Extracted data entries
****

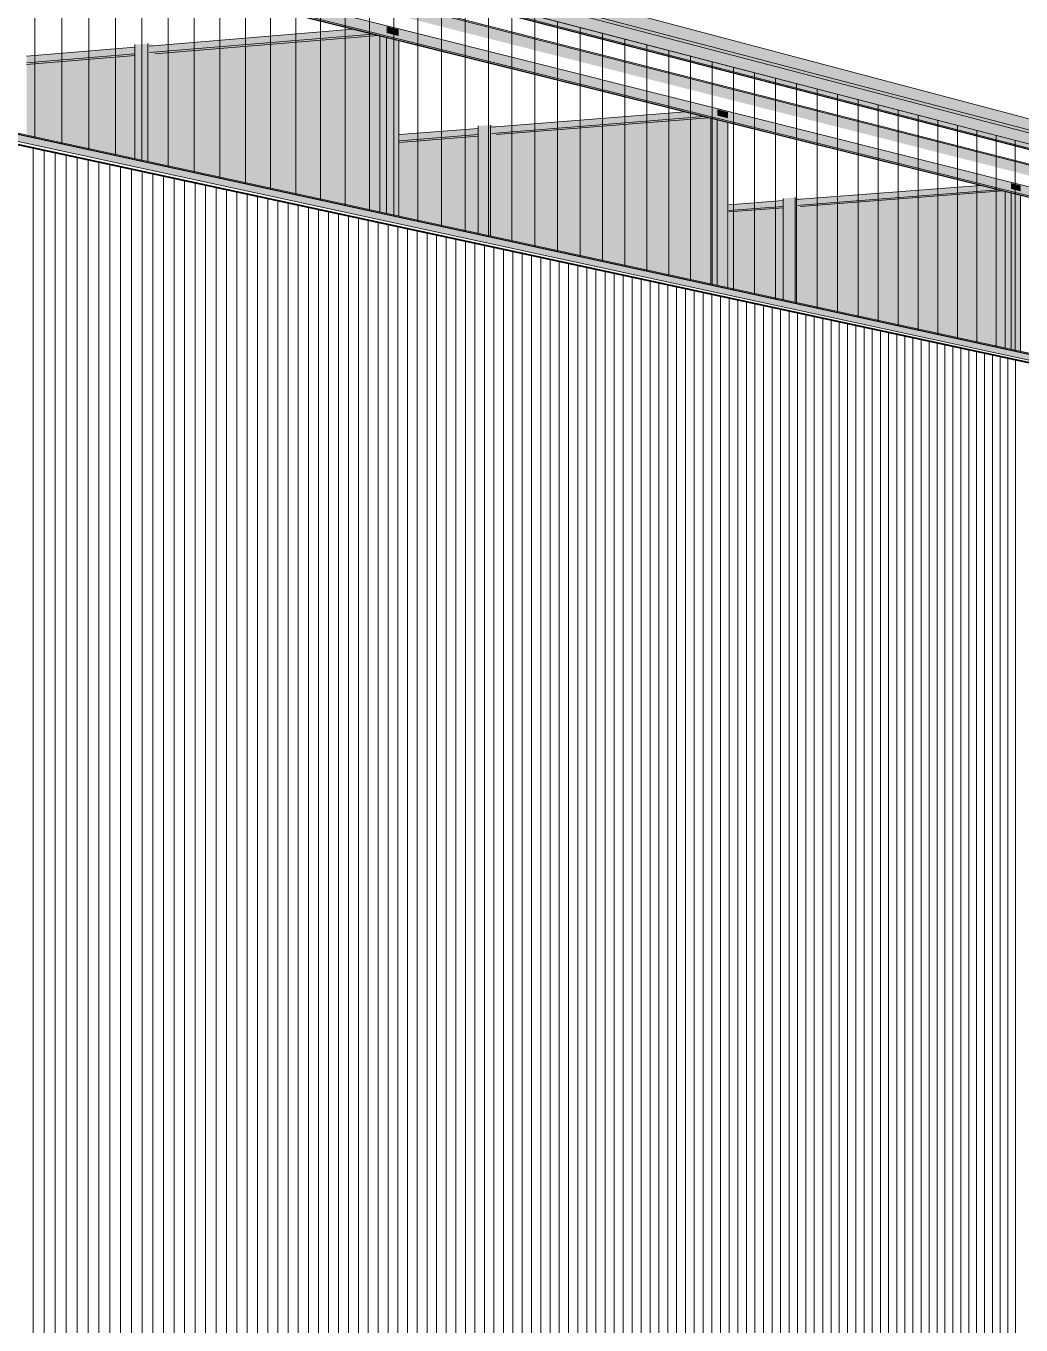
# Model space of a CAD drawing. Header units: inches. Extents: x 31155.6 to 31160.43, y 58.98 to 66.18.
# Drawn here: x 31160.1754 to 31160.2438, y 66.0075 to 66.0968 of the extents above; entities that cross this region are included whole.
import ezdxf

# ---------------------------------------------------------------- set-up
doc = ezdxf.new("R2010")
doc.units = ezdxf.units.IN
doc.header["$MEASUREMENT"] = 0
for name, color, linetype, lineweight in [('A-GLAZ-CURT', 52, 'Continuous', 9), ('A-GLAZ-CWMG', 51, 'Continuous', 9), ('A-ROOF', 132, 'Continuous', 13), ('A-WALL-PATT', 111, 'Continuous', 13), ('L-SITE-WALL', 31, 'Continuous', 13), ('S-BEAM', 12, 'Continuous', 9)]:
    doc.layers.add(name, color=color, linetype=linetype, lineweight=lineweight)

# ---------------------------------------------------------------- blocks, each defined once
blk = doc.blocks.new('FP_87-Looking South West')
at = {"layer": 'A-WALL-PATT', "lineweight": 9}
for p, q in [((-31660.037804, 65.97854), (-31660.037804, 66.025606)), ((-31660.037043, 65.97858), (-31660.037043, 66.025559)), ((-31660.036284, 65.978619), (-31660.036284, 66.025511)), ((-31660.035529, 65.978659), (-31660.035529, 66.025464)), ((-31660.034776, 65.978698), (-31660.034776, 66.025417)), ((-31660.034026, 65.978738), (-31660.034026, 66.02537)), ((-31660.033278, 65.978777), (-31660.033278, 66.025323)), ((-31660.032534, 65.978816), (-31660.032534, 66.025277)), ((-31660.031792, 65.978855), (-31660.031792, 66.02523)), ((-31660.031053, 65.978893), (-31660.031053, 66.025184)), ((-31660.030316, 65.978932), (-31660.030316, 66.025138)), ((-31660.029583, 65.994473), (-31660.029583, 66.025092)), ((-31660.028852, 65.994473), (-31660.028852, 66.025046)), ((-31660.028123, 65.979047), (-31660.028123, 66.025001)), ((-31660.027398, 65.979085), (-31660.027398, 66.024956)), ((-31660.026674, 65.979123), (-31660.026674, 66.02491)), ((-31660.025954, 65.979161), (-31660.025954, 66.024865)), ((-31660.025236, 65.979198), (-31660.025236, 66.02482)), ((-31660.024521, 65.979236), (-31660.024521, 66.024776)), ((-31660.023808, 65.979273), (-31660.023808, 66.024731)), ((-31660.023098, 65.97931), (-31660.023098, 66.024687)), ((-31660.02239, 65.979347), (-31660.02239, 66.024642)), ((-31660.021685, 65.979384), (-31660.021685, 66.024598)), ((-31660.020982, 65.979421), (-31660.020982, 66.024554)), ((-31660.020282, 65.979458), (-31660.020282, 66.024511)), ((-31660.019585, 65.979494), (-31660.019585, 66.024467)), ((-31660.01889, 65.979531), (-31660.01889, 66.024424)), ((-31660.018197, 65.979567), (-31660.018197, 66.02438)), ((-31660.017507, 65.979603), (-31660.017507, 66.024337)), ((-31660.016819, 65.979639), (-31660.016819, 66.024294)), ((-31660.016134, 65.979675), (-31660.016134, 66.024251)), ((-31660.015451, 65.979711), (-31660.015451, 66.024209)), ((-31660.01477, 65.979746), (-31660.01477, 66.024166)), ((-31660.014092, 65.979782), (-31660.014092, 66.024124)), ((-31660.013416, 65.979817), (-31660.013416, 66.024081)), ((-31660.012743, 65.979853), (-31660.012743, 66.024039)), ((-31660.012072, 65.979888), (-31660.012072, 66.023997)), ((-31660.011403, 65.979923), (-31660.011403, 66.023956)), ((-31660.010737, 65.979958), (-31660.010737, 66.023914)), ((-31660.010073, 65.979993), (-31660.010073, 66.023872)), ((-31660.009411, 65.980027), (-31660.009411, 66.023831)), ((-31660.008751, 65.980062), (-31660.008751, 66.02379)), ((-31660.008094, 65.980096), (-31660.008094, 66.023749)), ((-31660.007439, 65.980131), (-31660.007439, 66.023708)), ((-31660.006787, 65.980165), (-31660.006787, 66.023667)), ((-31660.006136, 65.980199), (-31660.006136, 66.023626)), ((-31660.005488, 65.980233), (-31660.005488, 66.023586)), ((-31660.004842, 65.980267), (-31660.004842, 66.023545)), ((-31660.004198, 65.9803), (-31660.004198, 66.023505)), ((-31660.003557, 65.980334), (-31660.003557, 66.023465)), ((-31660.002917, 65.980367), (-31660.002917, 66.023425)), ((-31660.00228, 65.980401), (-31660.00228, 66.023385)), ((-31660.001645, 65.980434), (-31660.001645, 66.023346)), ((-31660.001012, 65.980467), (-31660.001012, 66.023306)), ((-31660.000381, 65.9805), (-31660.000381, 66.023267)), ((-31659.999753, 65.980533), (-31659.999753, 66.023227)), ((-31659.999126, 65.980566), (-31659.999126, 66.023188)), ((-31659.998502, 65.980599), (-31659.998502, 66.023149)), ((-31659.997879, 65.980631), (-31659.997879, 66.02311)), ((-31659.997259, 65.980664), (-31659.997259, 66.023071)), ((-31659.996641, 65.980696), (-31659.996641, 66.023033)), ((-31659.996025, 65.980729), (-31659.996025, 66.022994)), ((-31659.995411, 65.980761), (-31659.995411, 66.022956)), ((-31659.994799, 65.980793), (-31659.994799, 66.022918)), ((-31659.994189, 65.980825), (-31659.994189, 66.02288)), ((-31659.993581, 65.980857), (-31659.993581, 66.022842)), ((-31659.992975, 65.980888), (-31659.992975, 66.022804)), ((-31659.992371, 65.98092), (-31659.992371, 66.022766)), ((-31659.99177, 65.980952), (-31659.99177, 66.022728)), ((-31659.99117, 65.980983), (-31659.99117, 66.022691)), ((-31659.990572, 65.981014), (-31659.990572, 66.022653)), ((-31659.989976, 65.981046), (-31659.989976, 66.022616)), ((-31659.989382, 65.981077), (-31659.989382, 66.022579)), ((-31659.98879, 65.981108), (-31659.98879, 66.022542)), ((-31659.9882, 65.981139), (-31659.9882, 66.022505)), ((-31659.987611, 65.981169), (-31659.987611, 66.022468)), ((-31659.987025, 65.9812), (-31659.987025, 66.022432)), ((-31659.986441, 65.981231), (-31659.986441, 66.022395)), ((-31659.985858, 65.981261), (-31659.985858, 66.022359)), ((-31659.985278, 65.981292), (-31659.985278, 66.022322)), ((-31659.984699, 65.981322), (-31659.984699, 66.022286)), ((-31659.984122, 65.981352), (-31659.984122, 66.02225)), ((-31659.983547, 65.981382), (-31659.983547, 66.022214)), ((-31659.982974, 65.981412), (-31659.982974, 66.022178)), ((-31659.982403, 65.981442), (-31659.982403, 66.022143)), ((-31659.981834, 65.981472), (-31659.981834, 66.022107)), ((-31659.981266, 65.981502), (-31659.981266, 66.022072)), ((-31659.9807, 65.981532), (-31659.9807, 66.022036)), ((-31659.980136, 65.981561), (-31659.980136, 66.022001)), ((-31659.979574, 65.981591), (-31659.979574, 66.021966)), ((-31659.979014, 65.98162), (-31659.979014, 66.021931)), ((-31659.978455, 65.981649), (-31659.978455, 66.021896)), ((-31659.977898, 65.981678), (-31659.977898, 66.021861)), ((-31659.977343, 65.981707), (-31659.977343, 66.021826)), ((-31659.97679, 65.981736), (-31659.97679, 66.021792)), ((-31659.976238, 65.981765), (-31659.976238, 66.021757)), ((-31659.975689, 65.981794), (-31659.975689, 66.021723)), ((-31659.975141, 65.981823), (-31659.975141, 66.021689)), ((-31659.974594, 65.981851), (-31659.974594, 66.021655)), ((-31659.97405, 65.98188), (-31659.97405, 66.02162)), ((-31659.973507, 65.981908), (-31659.973507, 66.021587)), ((-31659.972966, 65.981937), (-31659.972966, 66.021553)), ((-31659.972426, 65.981965), (-31659.972426, 66.021519)), ((-31659.971888, 65.981993), (-31659.971888, 66.021485)), ((-31659.971352, 65.982021), (-31659.971352, 66.021452)), ((-31659.970818, 65.982049), (-31659.970818, 66.021418)), ((-31659.970285, 65.982077), (-31659.970285, 66.021385))]:
    blk.add_line(p, q, dxfattribs=at)
blk = doc.blocks.new('FP_88-Looking South West')
at = {"layer": 'A-WALL-PATT', "lineweight": 9}
for p, q in [((-31660.037691, 66.089059), (-31660.037691, 66.106428)), ((-31660.035825, 66.088653), (-31660.035825, 66.105942)), ((-31660.033975, 66.088251), (-31660.033975, 66.105462)), ((-31660.032141, 66.087852), (-31660.032141, 66.104985)), ((-31660.030325, 66.087457), (-31660.030325, 66.104513)), ((-31660.028524, 66.087066), (-31660.028524, 66.104045)), ((-31660.02674, 66.086678), (-31660.02674, 66.103581)), ((-31660.024971, 66.086293), (-31660.024971, 66.103122)), ((-31660.023218, 66.085912), (-31660.023218, 66.102666)), ((-31660.021481, 66.085534), (-31660.021481, 66.102214)), ((-31660.019758, 66.085159), (-31660.019758, 66.101767)), ((-31660.018051, 66.084788), (-31660.018051, 66.101323)), ((-31660.016359, 66.08442), (-31660.016359, 66.100883)), ((-31660.014681, 66.084055), (-31660.014681, 66.100447)), ((-31660.013017, 66.083693), (-31660.013017, 66.100015)), ((-31660.011368, 66.083334), (-31660.011368, 66.099586)), ((-31660.009733, 66.082979), (-31660.009733, 66.099161)), ((-31660.008112, 66.082626), (-31660.008112, 66.09874)), ((-31660.006505, 66.082277), (-31660.006505, 66.098322)), ((-31660.004911, 66.08193), (-31660.004911, 66.097908)), ((-31660.00333, 66.081586), (-31660.00333, 66.097497)), ((-31660.001763, 66.081245), (-31660.001763, 66.09709)), ((-31660.000208, 66.080907), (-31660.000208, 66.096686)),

****

### WHAT YOU ARE ASKED TO DO
Which lines above contain the word "South"? List them.

### PROBLEM SOLUTION
blk = doc.blocks.new('FP_87-Looking South West')
blk = doc.blocks.new('FP_88-Looking South West')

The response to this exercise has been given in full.